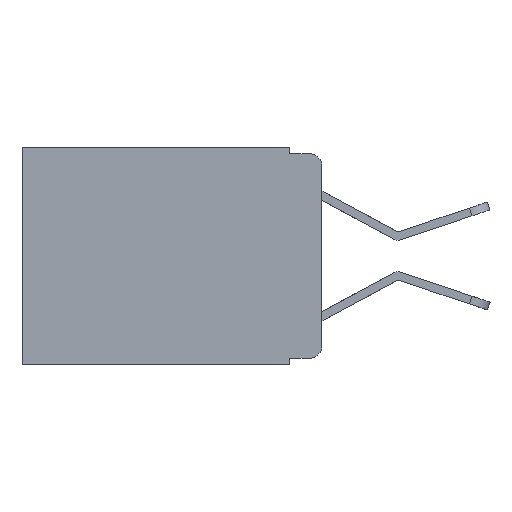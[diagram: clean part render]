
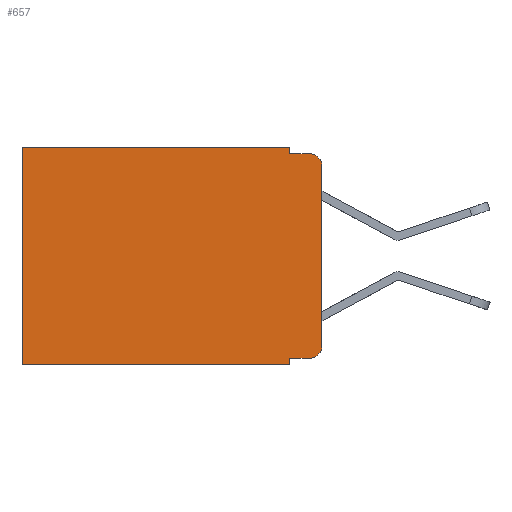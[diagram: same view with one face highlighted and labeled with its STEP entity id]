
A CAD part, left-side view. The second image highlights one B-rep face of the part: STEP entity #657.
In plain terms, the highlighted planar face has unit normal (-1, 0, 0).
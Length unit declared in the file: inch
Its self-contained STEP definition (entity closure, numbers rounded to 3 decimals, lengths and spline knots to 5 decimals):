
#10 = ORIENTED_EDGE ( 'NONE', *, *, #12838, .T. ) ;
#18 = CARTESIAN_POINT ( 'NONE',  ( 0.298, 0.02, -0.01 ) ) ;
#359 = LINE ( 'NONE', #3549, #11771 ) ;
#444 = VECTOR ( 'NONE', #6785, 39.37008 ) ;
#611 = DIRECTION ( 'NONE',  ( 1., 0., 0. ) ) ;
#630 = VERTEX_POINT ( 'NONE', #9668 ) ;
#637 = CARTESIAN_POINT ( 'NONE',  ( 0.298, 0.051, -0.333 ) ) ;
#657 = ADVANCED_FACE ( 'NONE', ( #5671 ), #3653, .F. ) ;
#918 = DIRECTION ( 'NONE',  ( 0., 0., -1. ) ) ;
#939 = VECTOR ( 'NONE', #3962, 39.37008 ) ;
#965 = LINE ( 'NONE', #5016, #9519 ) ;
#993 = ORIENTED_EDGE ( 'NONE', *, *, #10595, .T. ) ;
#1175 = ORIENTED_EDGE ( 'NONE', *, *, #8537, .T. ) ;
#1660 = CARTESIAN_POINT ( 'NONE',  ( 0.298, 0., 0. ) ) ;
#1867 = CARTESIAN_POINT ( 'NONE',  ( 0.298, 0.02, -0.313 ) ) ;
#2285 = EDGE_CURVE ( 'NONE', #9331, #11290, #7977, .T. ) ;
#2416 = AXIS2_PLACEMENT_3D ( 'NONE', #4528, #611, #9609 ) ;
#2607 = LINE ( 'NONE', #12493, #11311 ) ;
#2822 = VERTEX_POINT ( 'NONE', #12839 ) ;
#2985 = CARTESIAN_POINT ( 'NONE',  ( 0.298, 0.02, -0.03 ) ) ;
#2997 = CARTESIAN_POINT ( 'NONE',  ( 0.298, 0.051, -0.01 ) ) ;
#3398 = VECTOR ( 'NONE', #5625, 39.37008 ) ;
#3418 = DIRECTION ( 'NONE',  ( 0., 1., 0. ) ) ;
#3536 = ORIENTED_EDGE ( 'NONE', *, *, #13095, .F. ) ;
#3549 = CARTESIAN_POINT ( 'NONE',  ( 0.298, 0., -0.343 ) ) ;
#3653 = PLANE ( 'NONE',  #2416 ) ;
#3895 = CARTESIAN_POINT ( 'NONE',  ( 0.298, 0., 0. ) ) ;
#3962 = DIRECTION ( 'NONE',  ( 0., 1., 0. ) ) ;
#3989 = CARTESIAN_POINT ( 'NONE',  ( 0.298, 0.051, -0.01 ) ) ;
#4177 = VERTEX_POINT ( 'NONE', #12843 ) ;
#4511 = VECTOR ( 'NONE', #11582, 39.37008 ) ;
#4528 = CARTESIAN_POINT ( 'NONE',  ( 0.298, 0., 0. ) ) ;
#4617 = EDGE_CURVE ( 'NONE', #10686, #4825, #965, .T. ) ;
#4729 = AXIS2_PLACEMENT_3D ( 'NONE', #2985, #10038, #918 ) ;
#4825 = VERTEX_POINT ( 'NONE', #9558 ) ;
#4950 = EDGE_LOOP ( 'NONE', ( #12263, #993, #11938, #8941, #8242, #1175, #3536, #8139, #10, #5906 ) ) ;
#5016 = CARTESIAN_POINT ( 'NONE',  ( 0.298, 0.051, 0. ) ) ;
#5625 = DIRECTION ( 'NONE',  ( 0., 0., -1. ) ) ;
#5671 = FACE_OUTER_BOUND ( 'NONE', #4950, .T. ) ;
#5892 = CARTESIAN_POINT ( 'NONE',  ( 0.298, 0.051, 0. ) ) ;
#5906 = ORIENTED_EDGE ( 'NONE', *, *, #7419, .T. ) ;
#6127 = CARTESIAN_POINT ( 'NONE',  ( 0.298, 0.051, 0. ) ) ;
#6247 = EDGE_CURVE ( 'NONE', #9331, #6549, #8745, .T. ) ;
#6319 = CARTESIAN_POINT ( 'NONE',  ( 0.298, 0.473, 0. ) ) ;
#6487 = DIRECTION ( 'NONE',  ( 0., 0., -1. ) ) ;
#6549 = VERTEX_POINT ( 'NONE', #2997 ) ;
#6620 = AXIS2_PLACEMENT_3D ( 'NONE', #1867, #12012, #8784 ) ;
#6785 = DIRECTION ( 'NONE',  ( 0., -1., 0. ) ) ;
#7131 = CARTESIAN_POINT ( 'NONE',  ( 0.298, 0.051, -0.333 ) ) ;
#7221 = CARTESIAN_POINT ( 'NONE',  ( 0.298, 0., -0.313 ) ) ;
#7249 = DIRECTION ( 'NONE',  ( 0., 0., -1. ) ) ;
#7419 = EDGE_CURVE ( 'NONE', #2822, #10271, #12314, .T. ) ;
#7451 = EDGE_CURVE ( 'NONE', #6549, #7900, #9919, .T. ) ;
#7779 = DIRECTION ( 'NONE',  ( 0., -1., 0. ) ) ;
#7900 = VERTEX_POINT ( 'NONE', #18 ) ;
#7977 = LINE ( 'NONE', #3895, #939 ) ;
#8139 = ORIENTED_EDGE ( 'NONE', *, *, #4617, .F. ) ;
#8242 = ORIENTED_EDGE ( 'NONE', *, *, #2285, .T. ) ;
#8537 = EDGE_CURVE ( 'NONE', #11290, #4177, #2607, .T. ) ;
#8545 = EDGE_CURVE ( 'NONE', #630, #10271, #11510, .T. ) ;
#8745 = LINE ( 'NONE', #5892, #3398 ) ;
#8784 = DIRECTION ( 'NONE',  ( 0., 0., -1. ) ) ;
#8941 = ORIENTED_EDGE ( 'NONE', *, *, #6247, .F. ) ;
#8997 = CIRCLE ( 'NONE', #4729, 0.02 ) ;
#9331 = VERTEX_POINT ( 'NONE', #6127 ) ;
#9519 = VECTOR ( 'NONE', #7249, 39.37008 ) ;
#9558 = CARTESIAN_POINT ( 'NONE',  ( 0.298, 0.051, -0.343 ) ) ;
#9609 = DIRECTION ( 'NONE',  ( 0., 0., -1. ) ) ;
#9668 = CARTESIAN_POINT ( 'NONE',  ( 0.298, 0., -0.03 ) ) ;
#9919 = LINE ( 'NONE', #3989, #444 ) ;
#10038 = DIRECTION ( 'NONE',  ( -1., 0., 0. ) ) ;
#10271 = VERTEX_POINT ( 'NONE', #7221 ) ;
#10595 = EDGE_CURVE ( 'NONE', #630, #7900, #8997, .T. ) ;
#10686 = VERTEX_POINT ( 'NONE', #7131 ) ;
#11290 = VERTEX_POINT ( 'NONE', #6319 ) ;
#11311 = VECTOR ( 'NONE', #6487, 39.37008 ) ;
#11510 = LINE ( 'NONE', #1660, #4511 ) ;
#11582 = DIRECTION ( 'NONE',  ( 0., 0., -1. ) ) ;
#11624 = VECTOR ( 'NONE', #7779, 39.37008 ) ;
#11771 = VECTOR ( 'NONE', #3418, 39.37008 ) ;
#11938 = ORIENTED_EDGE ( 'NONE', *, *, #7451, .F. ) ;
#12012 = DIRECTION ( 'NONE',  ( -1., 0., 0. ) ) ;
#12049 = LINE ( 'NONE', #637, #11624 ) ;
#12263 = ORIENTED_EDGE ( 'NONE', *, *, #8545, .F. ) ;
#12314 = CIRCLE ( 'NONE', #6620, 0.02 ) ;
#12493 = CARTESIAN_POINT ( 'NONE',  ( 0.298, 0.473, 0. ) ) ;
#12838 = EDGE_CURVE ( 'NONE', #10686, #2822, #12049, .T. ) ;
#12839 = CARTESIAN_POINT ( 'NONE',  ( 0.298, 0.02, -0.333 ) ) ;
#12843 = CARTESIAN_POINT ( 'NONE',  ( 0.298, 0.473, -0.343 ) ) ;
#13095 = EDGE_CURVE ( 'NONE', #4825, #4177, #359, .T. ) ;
══════════════════════════════
▶ _Exercise directions_:
Would you output the lines from the one that contains "#12839 = CARTESIAN_POINT" to the end of the data, both ends included, exactly as they appear?

▶ _Your response_:
#12839 = CARTESIAN_POINT ( 'NONE',  ( 0.298, 0.02, -0.333 ) ) ;
#12843 = CARTESIAN_POINT ( 'NONE',  ( 0.298, 0.473, -0.343 ) ) ;
#13095 = EDGE_CURVE ( 'NONE', #4825, #4177, #359, .T. ) ;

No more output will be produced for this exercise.